Using the data below, gather each line that includes the word "perçage".

Source data:
++++++++++++++++++++
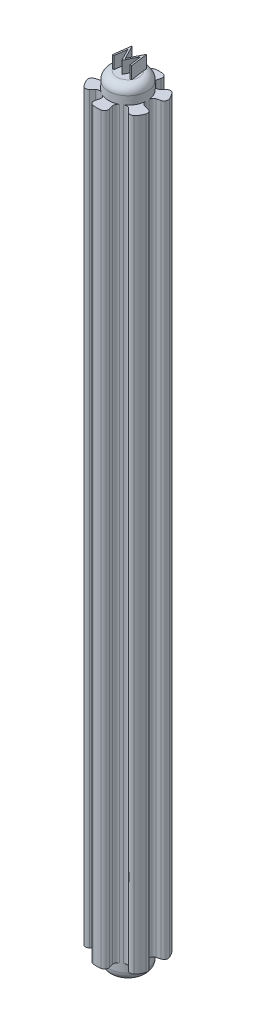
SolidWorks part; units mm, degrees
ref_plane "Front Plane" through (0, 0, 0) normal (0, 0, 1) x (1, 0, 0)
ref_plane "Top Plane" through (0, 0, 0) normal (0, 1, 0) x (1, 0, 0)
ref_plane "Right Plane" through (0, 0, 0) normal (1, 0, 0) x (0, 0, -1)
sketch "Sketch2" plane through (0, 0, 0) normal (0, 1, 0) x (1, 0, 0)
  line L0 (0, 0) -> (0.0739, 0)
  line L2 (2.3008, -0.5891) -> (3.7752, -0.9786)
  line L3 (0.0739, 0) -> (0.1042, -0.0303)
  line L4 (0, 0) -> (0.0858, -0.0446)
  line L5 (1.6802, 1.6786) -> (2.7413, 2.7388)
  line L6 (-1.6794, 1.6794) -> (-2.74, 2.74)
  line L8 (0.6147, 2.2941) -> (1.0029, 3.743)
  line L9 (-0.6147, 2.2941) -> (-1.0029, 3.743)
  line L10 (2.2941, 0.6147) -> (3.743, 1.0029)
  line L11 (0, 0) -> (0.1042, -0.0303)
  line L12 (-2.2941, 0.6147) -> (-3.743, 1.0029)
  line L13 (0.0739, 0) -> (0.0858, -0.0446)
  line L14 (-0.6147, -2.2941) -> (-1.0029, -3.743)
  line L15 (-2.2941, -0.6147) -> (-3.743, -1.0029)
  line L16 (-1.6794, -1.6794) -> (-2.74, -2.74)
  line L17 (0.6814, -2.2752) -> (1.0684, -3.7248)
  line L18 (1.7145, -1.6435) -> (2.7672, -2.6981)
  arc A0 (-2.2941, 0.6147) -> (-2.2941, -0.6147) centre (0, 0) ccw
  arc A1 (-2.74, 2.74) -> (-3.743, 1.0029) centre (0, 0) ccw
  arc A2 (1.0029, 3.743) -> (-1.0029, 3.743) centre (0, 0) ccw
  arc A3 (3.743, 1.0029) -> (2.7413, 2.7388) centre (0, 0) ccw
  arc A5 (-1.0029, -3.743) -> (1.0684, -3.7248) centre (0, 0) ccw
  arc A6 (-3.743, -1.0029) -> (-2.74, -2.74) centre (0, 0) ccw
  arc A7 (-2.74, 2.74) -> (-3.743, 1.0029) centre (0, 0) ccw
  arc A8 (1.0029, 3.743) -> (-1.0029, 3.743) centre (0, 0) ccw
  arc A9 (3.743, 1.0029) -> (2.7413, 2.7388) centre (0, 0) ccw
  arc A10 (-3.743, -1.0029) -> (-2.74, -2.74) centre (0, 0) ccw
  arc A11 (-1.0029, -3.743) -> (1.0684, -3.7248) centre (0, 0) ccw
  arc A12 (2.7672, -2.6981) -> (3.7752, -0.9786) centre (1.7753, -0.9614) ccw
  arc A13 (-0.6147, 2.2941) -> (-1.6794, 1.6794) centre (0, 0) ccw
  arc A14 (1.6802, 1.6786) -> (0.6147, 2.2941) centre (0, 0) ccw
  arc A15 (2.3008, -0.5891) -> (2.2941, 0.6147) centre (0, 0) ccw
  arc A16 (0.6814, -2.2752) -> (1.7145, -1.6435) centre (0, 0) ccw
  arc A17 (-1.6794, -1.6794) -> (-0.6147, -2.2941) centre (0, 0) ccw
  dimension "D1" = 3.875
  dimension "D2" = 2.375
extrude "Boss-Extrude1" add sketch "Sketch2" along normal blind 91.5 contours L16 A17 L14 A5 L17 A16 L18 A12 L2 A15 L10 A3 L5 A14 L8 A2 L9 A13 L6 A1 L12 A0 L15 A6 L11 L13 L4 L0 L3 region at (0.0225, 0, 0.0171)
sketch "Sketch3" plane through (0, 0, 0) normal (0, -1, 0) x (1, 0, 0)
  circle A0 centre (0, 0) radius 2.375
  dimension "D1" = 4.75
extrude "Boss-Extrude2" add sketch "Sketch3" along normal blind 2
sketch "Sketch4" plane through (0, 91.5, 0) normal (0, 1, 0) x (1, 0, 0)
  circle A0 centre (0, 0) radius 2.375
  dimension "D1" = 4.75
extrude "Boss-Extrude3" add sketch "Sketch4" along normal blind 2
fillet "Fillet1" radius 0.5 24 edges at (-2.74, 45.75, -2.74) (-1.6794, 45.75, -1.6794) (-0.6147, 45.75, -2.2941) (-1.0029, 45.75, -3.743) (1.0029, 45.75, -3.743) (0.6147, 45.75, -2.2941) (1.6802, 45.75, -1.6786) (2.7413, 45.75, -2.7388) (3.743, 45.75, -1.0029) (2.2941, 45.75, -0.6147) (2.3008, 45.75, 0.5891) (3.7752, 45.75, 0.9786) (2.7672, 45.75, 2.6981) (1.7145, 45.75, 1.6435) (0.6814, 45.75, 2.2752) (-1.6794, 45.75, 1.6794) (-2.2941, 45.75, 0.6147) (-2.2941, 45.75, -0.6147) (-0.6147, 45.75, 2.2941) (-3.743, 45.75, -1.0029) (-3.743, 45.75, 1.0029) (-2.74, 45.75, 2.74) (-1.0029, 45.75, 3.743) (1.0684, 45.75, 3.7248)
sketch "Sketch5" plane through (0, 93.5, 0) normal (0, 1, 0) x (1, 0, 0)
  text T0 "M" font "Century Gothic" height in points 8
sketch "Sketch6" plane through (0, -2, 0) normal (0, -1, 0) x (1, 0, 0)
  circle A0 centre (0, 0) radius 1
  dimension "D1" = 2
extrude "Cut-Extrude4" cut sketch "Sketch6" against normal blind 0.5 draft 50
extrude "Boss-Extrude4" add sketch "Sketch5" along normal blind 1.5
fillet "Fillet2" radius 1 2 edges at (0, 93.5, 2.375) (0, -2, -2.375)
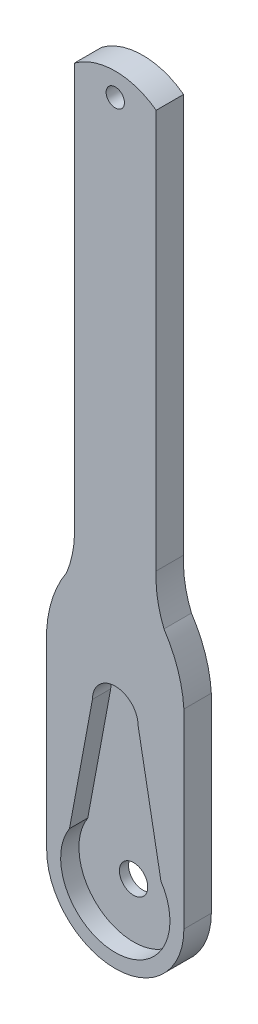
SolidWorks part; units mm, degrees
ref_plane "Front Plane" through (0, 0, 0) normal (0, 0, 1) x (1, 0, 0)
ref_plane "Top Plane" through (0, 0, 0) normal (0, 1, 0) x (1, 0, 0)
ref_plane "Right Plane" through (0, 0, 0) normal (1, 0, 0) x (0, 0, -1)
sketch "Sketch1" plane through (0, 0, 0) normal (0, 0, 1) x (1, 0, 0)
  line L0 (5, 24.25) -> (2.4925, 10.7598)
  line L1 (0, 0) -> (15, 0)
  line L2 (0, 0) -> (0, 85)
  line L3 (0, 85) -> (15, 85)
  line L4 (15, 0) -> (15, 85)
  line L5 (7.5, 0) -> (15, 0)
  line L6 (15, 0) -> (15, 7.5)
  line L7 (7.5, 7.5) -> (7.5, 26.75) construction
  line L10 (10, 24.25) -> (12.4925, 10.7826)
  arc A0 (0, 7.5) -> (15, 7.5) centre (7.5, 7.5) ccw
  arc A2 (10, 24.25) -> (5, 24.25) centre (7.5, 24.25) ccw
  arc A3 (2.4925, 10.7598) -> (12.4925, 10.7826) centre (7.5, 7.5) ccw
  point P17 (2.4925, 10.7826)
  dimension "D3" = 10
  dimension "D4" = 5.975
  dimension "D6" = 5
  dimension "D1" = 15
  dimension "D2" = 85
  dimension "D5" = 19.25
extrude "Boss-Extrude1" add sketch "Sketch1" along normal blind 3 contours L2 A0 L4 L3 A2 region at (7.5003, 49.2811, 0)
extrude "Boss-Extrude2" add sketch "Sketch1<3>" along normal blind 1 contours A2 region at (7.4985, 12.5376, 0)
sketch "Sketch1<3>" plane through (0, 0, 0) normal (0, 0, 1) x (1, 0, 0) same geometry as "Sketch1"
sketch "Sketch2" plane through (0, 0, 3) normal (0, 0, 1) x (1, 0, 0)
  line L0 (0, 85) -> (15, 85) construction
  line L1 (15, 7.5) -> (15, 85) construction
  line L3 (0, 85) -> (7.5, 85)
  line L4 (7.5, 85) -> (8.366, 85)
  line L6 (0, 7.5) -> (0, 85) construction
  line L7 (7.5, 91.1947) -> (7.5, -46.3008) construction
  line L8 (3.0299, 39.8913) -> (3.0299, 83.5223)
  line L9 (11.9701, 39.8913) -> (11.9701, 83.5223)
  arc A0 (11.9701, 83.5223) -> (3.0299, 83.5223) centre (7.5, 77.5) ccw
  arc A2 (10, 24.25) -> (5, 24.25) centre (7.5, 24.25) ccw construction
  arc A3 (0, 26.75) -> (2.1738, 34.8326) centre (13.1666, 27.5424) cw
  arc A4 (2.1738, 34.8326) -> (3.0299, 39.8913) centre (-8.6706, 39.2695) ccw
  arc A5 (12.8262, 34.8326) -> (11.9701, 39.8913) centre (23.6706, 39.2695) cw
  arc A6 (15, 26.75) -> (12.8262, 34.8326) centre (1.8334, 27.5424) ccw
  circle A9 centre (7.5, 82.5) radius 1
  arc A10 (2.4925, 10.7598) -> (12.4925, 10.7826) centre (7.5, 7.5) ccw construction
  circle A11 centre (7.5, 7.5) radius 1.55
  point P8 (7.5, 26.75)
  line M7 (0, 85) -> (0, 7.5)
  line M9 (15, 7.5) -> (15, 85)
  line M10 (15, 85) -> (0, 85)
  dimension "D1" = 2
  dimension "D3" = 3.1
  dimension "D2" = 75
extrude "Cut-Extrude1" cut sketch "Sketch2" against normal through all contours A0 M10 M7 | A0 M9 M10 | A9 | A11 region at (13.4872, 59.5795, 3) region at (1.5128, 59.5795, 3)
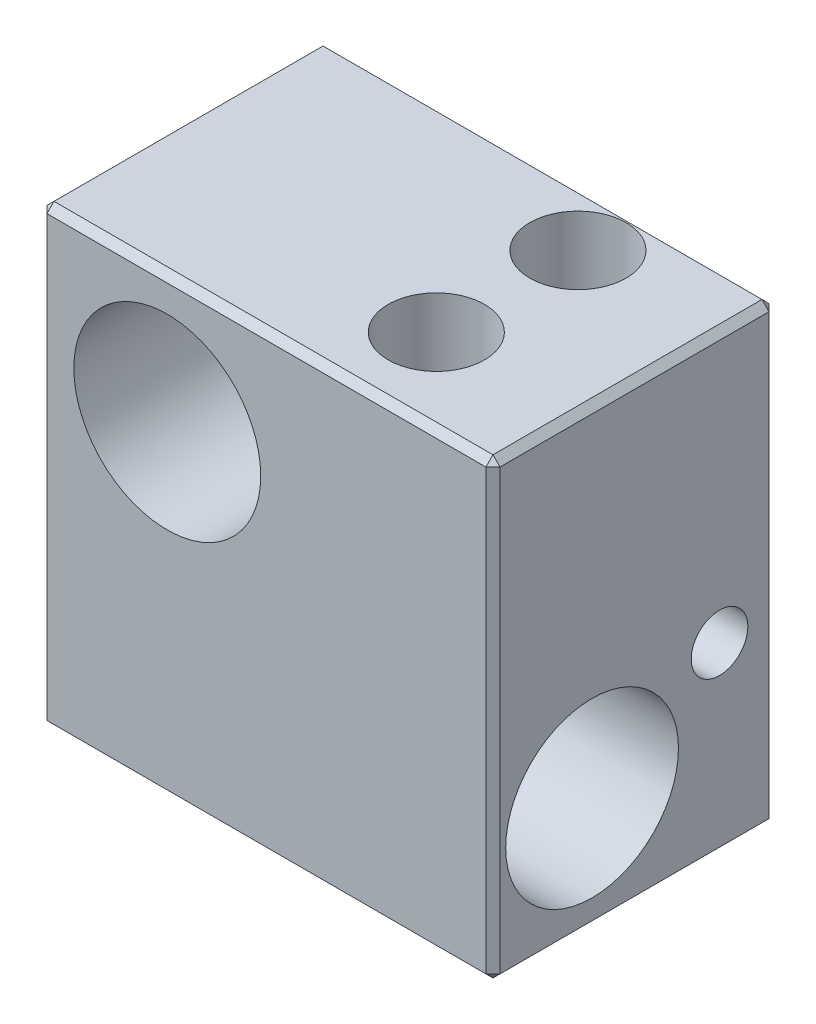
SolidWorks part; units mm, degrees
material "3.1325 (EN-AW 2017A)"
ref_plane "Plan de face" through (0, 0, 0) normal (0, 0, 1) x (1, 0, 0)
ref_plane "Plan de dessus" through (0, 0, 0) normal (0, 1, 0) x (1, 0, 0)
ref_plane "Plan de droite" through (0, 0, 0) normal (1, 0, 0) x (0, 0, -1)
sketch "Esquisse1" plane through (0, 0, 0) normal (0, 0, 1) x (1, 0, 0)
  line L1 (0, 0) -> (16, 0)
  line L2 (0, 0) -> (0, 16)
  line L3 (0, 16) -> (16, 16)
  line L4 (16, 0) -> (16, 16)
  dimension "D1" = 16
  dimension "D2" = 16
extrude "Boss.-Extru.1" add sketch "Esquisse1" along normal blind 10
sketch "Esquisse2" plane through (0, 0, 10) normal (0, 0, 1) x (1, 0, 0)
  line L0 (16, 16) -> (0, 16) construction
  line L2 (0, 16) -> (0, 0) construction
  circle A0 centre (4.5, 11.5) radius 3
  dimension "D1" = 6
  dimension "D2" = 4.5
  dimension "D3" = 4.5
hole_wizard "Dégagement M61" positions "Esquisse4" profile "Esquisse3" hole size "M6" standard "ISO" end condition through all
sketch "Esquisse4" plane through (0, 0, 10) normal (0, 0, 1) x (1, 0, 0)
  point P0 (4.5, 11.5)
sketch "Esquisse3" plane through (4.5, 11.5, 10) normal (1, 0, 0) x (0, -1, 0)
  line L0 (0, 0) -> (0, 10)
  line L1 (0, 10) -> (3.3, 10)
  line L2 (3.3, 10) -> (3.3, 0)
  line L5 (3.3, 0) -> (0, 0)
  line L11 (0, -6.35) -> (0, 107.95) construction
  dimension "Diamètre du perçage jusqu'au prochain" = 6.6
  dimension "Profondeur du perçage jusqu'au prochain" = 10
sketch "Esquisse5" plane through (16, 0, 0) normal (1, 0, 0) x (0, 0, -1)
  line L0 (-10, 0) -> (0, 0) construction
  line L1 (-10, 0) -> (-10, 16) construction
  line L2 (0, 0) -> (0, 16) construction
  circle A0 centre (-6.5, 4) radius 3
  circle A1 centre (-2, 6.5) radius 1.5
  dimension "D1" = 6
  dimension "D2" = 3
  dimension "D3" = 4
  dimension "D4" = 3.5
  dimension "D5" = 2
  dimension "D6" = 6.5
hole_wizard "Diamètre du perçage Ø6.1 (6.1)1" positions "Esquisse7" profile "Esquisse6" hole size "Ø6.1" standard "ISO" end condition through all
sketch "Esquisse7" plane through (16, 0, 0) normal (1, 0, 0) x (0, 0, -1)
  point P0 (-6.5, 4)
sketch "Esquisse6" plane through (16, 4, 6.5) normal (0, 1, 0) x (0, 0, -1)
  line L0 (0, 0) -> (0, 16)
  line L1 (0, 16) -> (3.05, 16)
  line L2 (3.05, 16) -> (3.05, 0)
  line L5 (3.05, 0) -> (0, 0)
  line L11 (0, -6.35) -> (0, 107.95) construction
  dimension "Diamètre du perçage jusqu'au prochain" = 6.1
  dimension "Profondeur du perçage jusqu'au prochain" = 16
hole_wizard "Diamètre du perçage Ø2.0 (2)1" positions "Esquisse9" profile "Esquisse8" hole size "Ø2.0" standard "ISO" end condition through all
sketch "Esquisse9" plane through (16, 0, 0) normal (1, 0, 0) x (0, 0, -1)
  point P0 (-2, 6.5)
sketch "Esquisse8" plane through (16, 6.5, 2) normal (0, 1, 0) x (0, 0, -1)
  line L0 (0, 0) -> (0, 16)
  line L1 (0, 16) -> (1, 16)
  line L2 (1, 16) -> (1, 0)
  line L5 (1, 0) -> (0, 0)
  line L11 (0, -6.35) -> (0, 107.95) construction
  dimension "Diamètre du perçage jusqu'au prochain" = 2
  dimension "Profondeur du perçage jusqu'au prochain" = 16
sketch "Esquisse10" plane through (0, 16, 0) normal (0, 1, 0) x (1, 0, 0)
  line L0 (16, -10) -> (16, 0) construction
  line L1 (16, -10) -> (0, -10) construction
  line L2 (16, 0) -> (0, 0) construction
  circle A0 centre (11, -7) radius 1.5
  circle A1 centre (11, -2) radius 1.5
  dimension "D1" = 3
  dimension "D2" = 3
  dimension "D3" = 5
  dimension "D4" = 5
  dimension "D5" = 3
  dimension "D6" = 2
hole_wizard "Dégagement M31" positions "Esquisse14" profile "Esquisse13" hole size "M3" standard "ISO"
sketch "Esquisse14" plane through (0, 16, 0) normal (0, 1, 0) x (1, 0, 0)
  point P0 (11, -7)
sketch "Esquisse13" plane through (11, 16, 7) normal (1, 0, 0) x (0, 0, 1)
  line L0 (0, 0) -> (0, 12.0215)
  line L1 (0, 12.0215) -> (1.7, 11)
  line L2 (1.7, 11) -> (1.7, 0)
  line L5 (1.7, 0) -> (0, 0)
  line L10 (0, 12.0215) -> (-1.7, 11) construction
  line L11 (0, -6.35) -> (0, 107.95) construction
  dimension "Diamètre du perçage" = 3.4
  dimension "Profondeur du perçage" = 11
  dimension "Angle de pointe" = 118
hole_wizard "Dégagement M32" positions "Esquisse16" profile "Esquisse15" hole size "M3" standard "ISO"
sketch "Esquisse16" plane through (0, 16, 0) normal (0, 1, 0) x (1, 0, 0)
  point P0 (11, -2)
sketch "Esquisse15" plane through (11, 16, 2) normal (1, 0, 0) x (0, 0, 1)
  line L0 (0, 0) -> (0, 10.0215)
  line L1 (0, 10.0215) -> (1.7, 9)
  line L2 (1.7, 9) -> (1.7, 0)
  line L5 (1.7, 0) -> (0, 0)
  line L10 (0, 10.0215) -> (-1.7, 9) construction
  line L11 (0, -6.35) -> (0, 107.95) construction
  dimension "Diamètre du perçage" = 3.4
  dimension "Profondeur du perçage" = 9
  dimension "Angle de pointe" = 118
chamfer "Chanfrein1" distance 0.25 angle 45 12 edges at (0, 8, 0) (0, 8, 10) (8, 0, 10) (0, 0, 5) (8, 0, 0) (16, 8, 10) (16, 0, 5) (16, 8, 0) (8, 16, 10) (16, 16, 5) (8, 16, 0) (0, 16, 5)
++++++++++++++++++++
● **WRITTEN RESPONSE**
  dimension "Diamètre du perçage jusqu'au prochain" = 6.6
  dimension "Profondeur du perçage jusqu'au prochain" = 10
hole_wizard "Diamètre du perçage Ø6.1 (6.1)1" positions "Esquisse7" profile "Esquisse6" hole size "Ø6.1" standard "ISO" end condition through all
  dimension "Diamètre du perçage jusqu'au prochain" = 6.1
  dimension "Profondeur du perçage jusqu'au prochain" = 16
hole_wizard "Diamètre du perçage Ø2.0 (2)1" positions "Esquisse9" profile "Esquisse8" hole size "Ø2.0" standard "ISO" end condition through all
  dimension "Diamètre du perçage jusqu'au prochain" = 2
  dimension "Profondeur du perçage jusqu'au prochain" = 16
  dimension "Diamètre du perçage" = 3.4
  dimension "Profondeur du perçage" = 11
  dimension "Diamètre du perçage" = 3.4
  dimension "Profondeur du perçage" = 9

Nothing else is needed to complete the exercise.